Assigned task: Would you copy the records below, exactly and only from their first line through the line containing "# F6 (on face) → F7 (cut)", without any pictures?

Provided records:

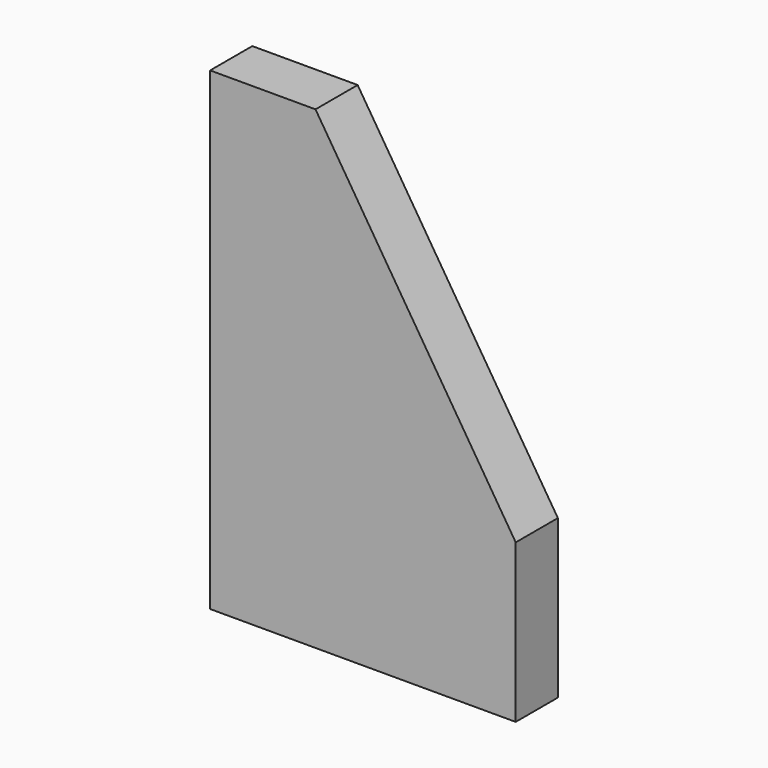
from build123d import *

# Parameters (mm, degrees)
F1_DEPTH = 5
F3_D     = 4.2
F3_DEPTH = 12.4
F3_TIP   = 1.2618073
F5_D     = 4.2
F5_DEPTH = 12.4
F5_TIP   = 1.2618073


# Not quite as in the source:
# - a feature names something its author has since deleted; it is built from what else it names


with BuildPart() as f1:
    # F0 (on Front) → F1 (new body, symmetric)
    with BuildSketch(Plane.XZ):
        Polygon((0, 90), (0, 0), (58, 0), (58, 30), (20, 90), align=None)
    extrude(amount=F1_DEPTH, both=True)

    # F3
    with Locations(Plane(origin=(0, 0, 0), x_dir=(1, 0, 0), z_dir=(0, 0, -1))):
        with Locations((26, 0), (48, 0)):
            Hole(F3_D / 2, depth=F3_DEPTH)
            with Locations((0, 0, -(F3_DEPTH + F3_TIP / 2))):  # 118° drill point
                Cone(0, F3_D / 2, F3_TIP, mode=Mode.SUBTRACT)

    # F5
    with Locations(Plane(origin=(0, 0, 0), x_dir=(0, -1, 0), z_dir=(-1, 0, 0))):
        with Locations((0, 20), (0, 82), (0, 51)):
            Hole(F5_D / 2, depth=F5_DEPTH)
            with Locations((0, 0, -(F5_DEPTH + F5_TIP / 2))):  # 118° drill point
                Cone(0, F5_D / 2, F5_TIP, mode=Mode.SUBTRACT)


solid = f1.part
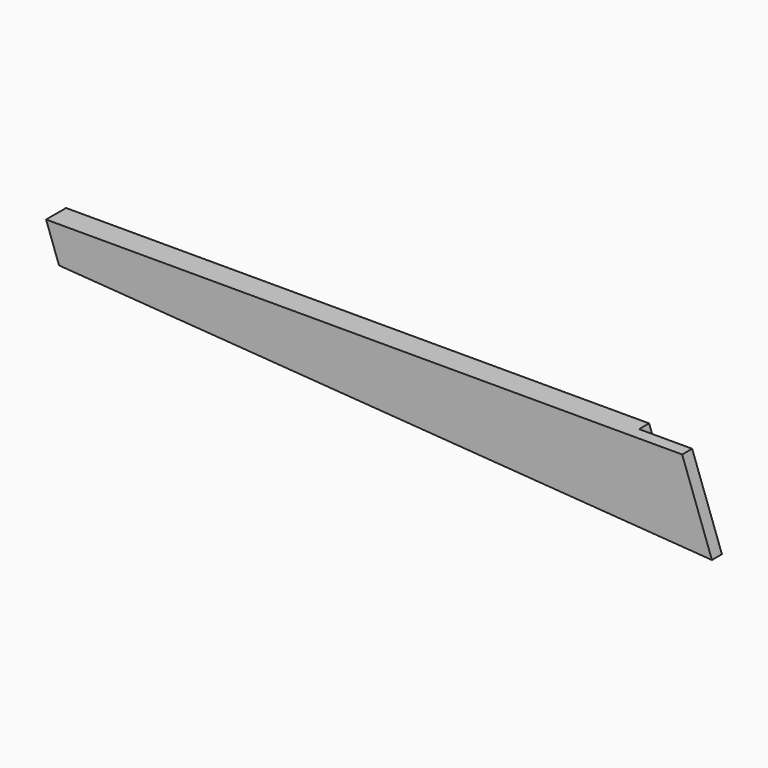
from build123d import *

# Parameters (mm, degrees)
F0_W     = 508
F0_H     = 63.5
F1_DEPTH = 19.05
F3_DEPTH = 50.8
F5_DEPTH = 50.8
F7_DEPTH = 38.1
F9_DEPTH = 38.1


with BuildPart() as f1:
    # F0 (on Front) → F1 (new body)
    with BuildSketch(Plane.XZ):
        with Locations((7.0352284261, 31.75)):
            Rectangle(F0_W, F0_H)
    extrude(amount=F1_DEPTH)

    # F2 (on face) → F3 (cut)
    with BuildSketch(Plane.XZ.offset(19.05)):
        Polygon((-224.2599035735, 0), (-246.9647715739, 63.5), (-246.9647715739, 0), align=None)
    extrude(amount=-F3_DEPTH, mode=Mode.SUBTRACT)

    # F4 (on face) → F5 (cut)
    with BuildSketch(Plane.XZ.offset(19.05)):
        Polygon((261.0352284261, 0), (-237.0874956021, 35.8756586385), (-224.2599035735, 0), align=None)
    extrude(amount=-F5_DEPTH, mode=Mode.SUBTRACT)

    # F6 (on face) → F7 (cut)
    with BuildSketch(Plane.XZ.offset(19.05)):
        Polygon((238.3303604257, 63.5), (261.0352284261, 0), (261.0352284261, 63.5), align=None)
    extrude(amount=-F7_DEPTH, mode=Mode.SUBTRACT)

    # F8 (on face) → F9 (cut)
    with BuildSketch(Plane(origin=(231.445604258, 0, 82.7549904558), x_dir=(0, 1, 0), z_dir=(0.941618337, 0, 0.3366822055))):
        Polygon((-9.525, 4.1548628118), (-9.525, -87.885916413), (0, -87.885916413), (0, 40.5242251848), align=None)
    extrude(amount=-F9_DEPTH, mode=Mode.SUBTRACT)


solid = f1.part
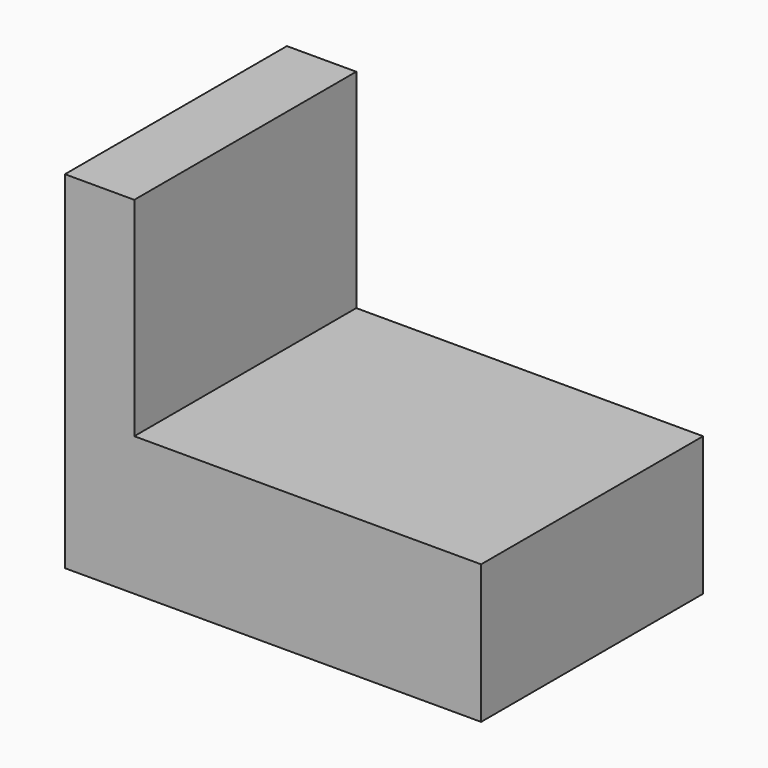
from build123d import *

# Parameters (mm, degrees)
F1_DEPTH = 12.7


# Not quite as in the source:
# - a feature names something its author has since deleted; it is built from what else it names


with BuildPart() as f1:
    # F0 (on Front) → F1 (new body, symmetric)
    with BuildSketch(Plane.XZ):
        Polygon((0, 31.75), (0, 0), (38.1, 0), (38.1, 12.7), (6.35, 12.7), (6.35, 31.75), align=None)
    extrude(amount=F1_DEPTH, both=True)


solid = f1.part
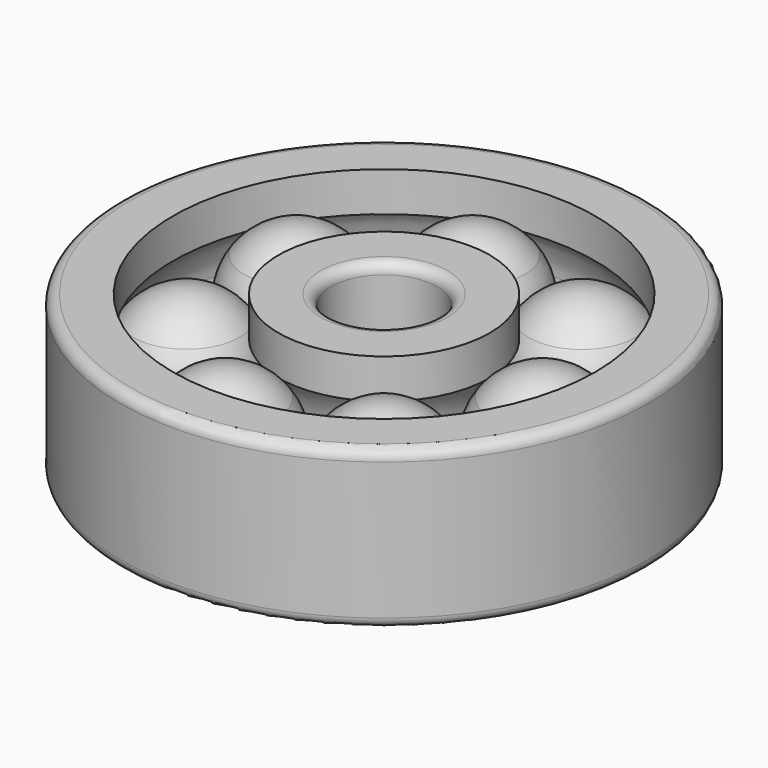
from build123d import *

# Parameters (mm, degrees)
F3_COUNT = 7
F4_R     = 2.54
F4_2_R   = 2.54


with BuildPart() as f1:
    # F0 (on Front) → F1 (revolve)
    with BuildSketch(Plane.XZ):
        with BuildLine():
            Line((50.8, 19.05), (50.8, 9.525))
            ThreePointArc((50.8, 9.525), (53.1603473566, 5.0201157855), (53.975, 0))
            ThreePointArc((53.975, 0), (53.1603473566, -5.0201157855), (50.8, -9.525))
            Line((50.8, -9.525), (50.8, -19.05))
            Line((50.8, -19.05), (63.5, -19.05))
            Line((63.5, -19.05), (63.5, 19.05))
            Line((63.5, 19.05), (50.8, 19.05))
        make_face()
    revolve(axis=Axis((0, 0, -3.4924996912), (0, 0, -1)))

    # F4
    f4_edges = [f1.edges().sort_by_distance(p)[0] for p in [
        (-63.5, 0, 19.05),
        (-63.5, 0, -19.05),
    ]]
    fillet(f4_edges, radius=F4_R)


with BuildPart() as f1b:
    # F0 (on Front) → F1, piece 2 (revolve)
    with BuildSketch(Plane.XZ):
        with BuildLine():
            Line((25.4, 19.05), (12.7, 19.05))
            Line((12.7, 19.05), (12.7, -19.05))
            Line((12.7, -19.05), (25.4, -19.05))
            Line((25.4, -19.05), (25.4, -9.525))
            ThreePointArc((25.4, -9.525), (22.225, 0), (25.4, 9.525))
            Line((25.4, 9.525), (25.4, 19.05))
        make_face()
    revolve(axis=Axis((0, 0, -3.4924996912), (0, 0, -1)))

    # F4#2
    f4_2_edges = [f1b.edges().sort_by_distance(p)[0] for p in [
        (-12.7, 0, 19.05),
        (-12.7, 0, -19.05),
    ]]
    fillet(f4_2_edges, radius=F4_2_R)


with BuildPart() as f2:
    # F0 (on Front) → F2 (revolve)
    with BuildSketch(Plane.XZ):
        with BuildLine():
            ThreePointArc((50.8, 9.525), (45.1995158286, 14.1990316571), (38.1, 15.875))
            Line((38.1, 15.875), (38.1, -15.875))
            ThreePointArc((38.1, -15.875), (45.1995158286, -14.1990316571), (50.8, -9.525))
            Line((50.8, -9.525), (50.8, 9.525))
        make_face()
        with BuildLine():
            ThreePointArc((53.975, 0), (53.1603473566, 5.0201157855), (50.8, 9.525))
            Line((50.8, 9.525), (50.8, -9.525))
            ThreePointArc((50.8, -9.525), (53.1603473566, -5.0201157855), (53.975, 0))
        make_face()
    revolve(axis=Axis((38.1, 0, 0), (0, 0, -1)))


with BuildPart() as f3_1:
    # F3: instance of F2
    add(f2.part.rotate(Axis((0, 0, -3.4924996912), (0, 0, -1)), 1 * 360 / F3_COUNT))


with BuildPart() as f3_2:
    # F3: instance of F2
    add(f2.part.rotate(Axis((0, 0, -3.4924996912), (0, 0, -1)), 2 * 360 / F3_COUNT))


with BuildPart() as f3_3:
    # F3: instance of F2
    add(f2.part.rotate(Axis((0, 0, -3.4924996912), (0, 0, -1)), 3 * 360 / F3_COUNT))


with BuildPart() as f3_4:
    # F3: instance of F2
    add(f2.part.rotate(Axis((0, 0, -3.4924996912), (0, 0, -1)), 4 * 360 / F3_COUNT))


with BuildPart() as f3_5:
    # F3: instance of F2
    add(f2.part.rotate(Axis((0, 0, -3.4924996912), (0, 0, -1)), 5 * 360 / F3_COUNT))


with BuildPart() as f3_6:
    # F3: instance of F2
    add(f2.part.rotate(Axis((0, 0, -3.4924996912), (0, 0, -1)), 6 * 360 / F3_COUNT))


solid = Compound([f1.part, f1b.part, f2.part, f3_1.part, f3_2.part, f3_3.part, f3_4.part, f3_5.part, f3_6.part])
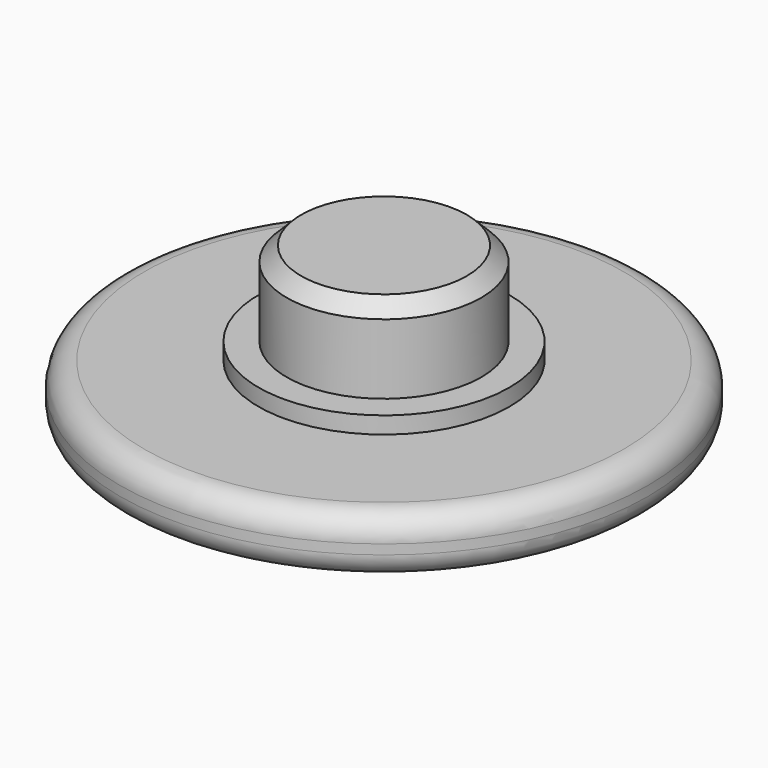
from build123d import *

# Parameters (mm, degrees)
F0_R     = 10.95
F1_DEPTH = 2.4
F2_R     = 4.035
F3_DEPTH = 4.2
F4_R     = 1
F5_R     = 5.2
F5_R_2   = 4.035
F6_DEPTH = 0.7
F7_R     = 1
F8_R     = 8
F9_DEPTH = 1
F11_SIZE = 0.6
F12_R    = 6


# Not quite as in the source:
# - a fillet or chamfer that OpenCascade refuses, or shapes differently, is made with other operations: its cross-section is extruded or revolved along the edge and cut away or added


with BuildPart() as f1:
    # F0 (on Top) → F1 (new body)
    with BuildSketch(Plane.XY):
        Circle(F0_R)
    extrude(amount=F1_DEPTH)

    # F2 (on face) → F3 (join)
    with BuildSketch(Plane.XY.offset(2.4)):
        Circle(F2_R)
    extrude(amount=F3_DEPTH)

    # F4
    f4_edges = [f1.edges().sort_by_distance(p)[0] for p in [
        (-10.95, 0, 2.4),
    ]]
    fillet(f4_edges, radius=F4_R)

    # F5 (on face) → F6 (join)
    with BuildSketch(Plane.XY.offset(2.4)):
        Circle(F5_R)
        Circle(F5_R_2, mode=Mode.SUBTRACT)
    extrude(amount=F6_DEPTH)

    # F7
    f7_edges = [f1.edges().sort_by_distance(p)[0] for p in [
        (-10.95, 0, 0),
    ]]
    fillet(f7_edges, radius=F7_R)

    # F8 (on face) → F9 (cut)
    with BuildSketch(Plane(origin=(0, 0, 0), x_dir=(1, 0, 0), z_dir=(0, 0, -1))):
        Circle(F8_R)
    extrude(amount=-F9_DEPTH, mode=Mode.SUBTRACT)

    # F10: fillet of radius 11 on 1 edges, made by hand

    # F10_s1 → F10_t2 (revolve)
    with BuildSketch(Plane.XZ):
        with BuildLine():
            ThreePointArc((8, 0), (5.762632185, 0.7470926301), (3.417424305, 1))
            Line((3.417424305, 1), (8, 1))
            Line((8, 1), (8, 0))
        make_face()
    revolve(axis=Axis((0, 0, 1), (0, 0, -1)))

    # F11
    f11_edges = [f1.edges().sort_by_distance(p)[0] for p in [
        (-4.035, 0, 6.6),
    ]]
    chamfer(f11_edges, length=F11_SIZE)

    # F12
    f12_edges = [f1.edges().sort_by_distance(p)[0] for p in [
        (-8, 0, 0),
    ]]
    fillet(f12_edges, radius=F12_R)


solid = f1.part

Expected answer:
from build123d import *

# Parameters (mm, degrees)
F1_DEPTH = 5
F3_D     = 4.2
F3_DEPTH = 12.4
F3_TIP   = 1.2618073
F5_D     = 4.2
F5_DEPTH = 12.4
F5_TIP   = 1.2618073


# Not quite as in the source:
# - a feature names something its author has since deleted; it is built from what else it names


with BuildPart() as f1:
    # F0 (on Front) → F1 (new body, symmetric)
    with BuildSketch(Plane.XZ):
        Polygon((0, 90), (0, 0), (58, 0), (58, 30), (20, 90), align=None)
    extrude(amount=F1_DEPTH, both=True)

    # F3
    with Locations(Plane(origin=(0, 0, 0), x_dir=(1, 0, 0), z_dir=(0, 0, -1))):
        with Locations((26, 0), (48, 0)):
            Hole(F3_D / 2, depth=F3_DEPTH)
            with Locations((0, 0, -(F3_DEPTH + F3_TIP / 2))):  # 118° drill point
                Cone(0, F3_D / 2, F3_TIP, mode=Mode.SUBTRACT)

    # F5
    with Locations(Plane(origin=(0, 0, 0), x_dir=(0, -1, 0), z_dir=(-1, 0, 0))):
        with Locations((0, 20), (0, 82), (0, 51)):
            Hole(F5_D / 2, depth=F5_DEPTH)
            with Locations((0, 0, -(F5_DEPTH + F5_TIP / 2))):  # 118° drill point
                Cone(0, F5_D / 2, F5_TIP, mode=Mode.SUBTRACT)


solid = f1.part
from build123d import *

# Parameters (mm, degrees)
F0_W     = 508
F0_H     = 63.5
F1_DEPTH = 19.05
F3_DEPTH = 50.8
F5_DEPTH = 50.8
F7_DEPTH = 38.1
F9_DEPTH = 38.1


with BuildPart() as f1:
    # F0 (on Front) → F1 (new body)
    with BuildSketch(Plane.XZ):
        with Locations((7.0352284261, 31.75)):
            Rectangle(F0_W, F0_H)
    extrude(amount=F1_DEPTH)

    # F2 (on face) → F3 (cut)
    with BuildSketch(Plane.XZ.offset(19.05)):
        Polygon((-224.2599035735, 0), (-246.9647715739, 63.5), (-246.9647715739, 0), align=None)
    extrude(amount=-F3_DEPTH, mode=Mode.SUBTRACT)

    # F4 (on face) → F5 (cut)
    with BuildSketch(Plane.XZ.offset(19.05)):
        Polygon((261.0352284261, 0), (-237.0874956021, 35.8756586385), (-224.2599035735, 0), align=None)
    extrude(amount=-F5_DEPTH, mode=Mode.SUBTRACT)

    # F6 (on face) → F7 (cut)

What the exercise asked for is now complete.